Ultimately, the novel suggests, the emphasis on public image hurts almost everyone involved. The royals serve as entertainment for the British people in exchange for financial support, but the costs—personal compromise on the one hand and public manipulation on the other—are not worth it, for Lexi: “The dark heart of our Faustian bargain was the hope that we could distract the British people with drama and intrigue so no one noticed they were paying for one family to cloak themselves with jewels and live in gilded palaces for free” (101). Lexi’s tone as she describes the royal family is negative; she views them as decorative, like the dolls in Isla’s dollhouse, an institution built upon inequality and imperialism.
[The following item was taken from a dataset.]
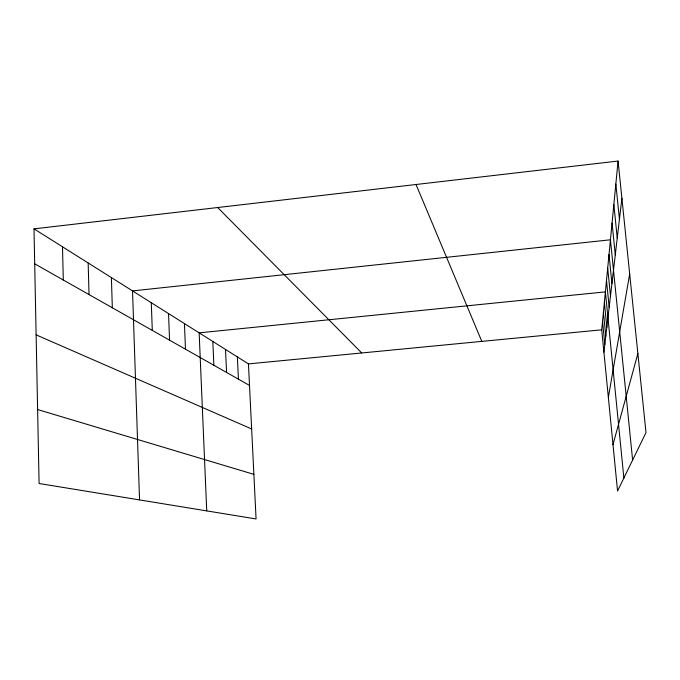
<?xml version="1.0" encoding="UTF-8"?>
<svg xmlns="http://www.w3.org/2000/svg" width="680" height="680" viewBox="0 0 680 680"><rect width="100%" height="100%" fill="white"/><g stroke="black" fill="none" stroke-linecap="round" stroke-linejoin="round"><path stroke-width="1.02" d="M618.069 161.049L646 432.582L617.55 490.994L601.715 329.817L618.069 161.049L34 228.854L39.092 483.506L256.071 518.95L248.447 363.894L34 228.854M603.917 352.197L621.894 198.245M608.362 397.426L629.68 273.904M612.994 444.61L637.874 353.558M248.447 363.894L601.715 329.817M37.612 409.538L253.878 474.351M36.117 334.857L251.651 428.961M34.697 263.823L249.509 385.441M217.676 207.536L361.734 352.962M416.032 184.501L481.797 341.385M615.842 184.042L619.438 219.266M613.853 204.603L617.244 238.042M612.06 223.082L615.281 254.915M632.612 460.062L610.436 239.793L132.532 290.904L139.544 499.919M609.008 254.55L611.923 283.628M607.699 268.056L610.487 295.936M606.5 280.449L609.169 307.232M623.866 478.023L605.395 291.873L199.155 332.851L206.728 510.892M604.375 302.43L606.832 327.267M603.423 312.222L605.787 336.183M602.539 321.334L604.817 344.471M237.371 356.915L238.425 379.168M225.513 349.452L226.576 372.453M212.806 341.445L213.869 365.262M184.441 323.587L185.478 349.188M168.538 313.574L169.558 340.17M151.292 302.71L152.294 330.395M111.401 277.593L112.328 307.776M88.171 262.964L89.037 294.584M62.501 246.806L63.299 280.015"/></g></svg>

However, Jenny Walsh raises the possibility of a different public role: “What are the three rights of the modern sovereign? To consult, to encourage and to warn? I imagine a queen who’s been a physician would have every right to encourage her government to invest more in the NHS” (144). Her words suggest that the monarchy doesn’t have to serve as a rigid, old-fashioned reminder of the past. Lexi has a unique opportunity to modernize the crown, especially considering her medical training and time spent living a non-royal life. This contributes to Lexi’s internal conflict as she considers accepting the crown; while she might personally prefer her life in Australia, the idea of advocating for necessary reforms becomes another form of duty that weighs on her.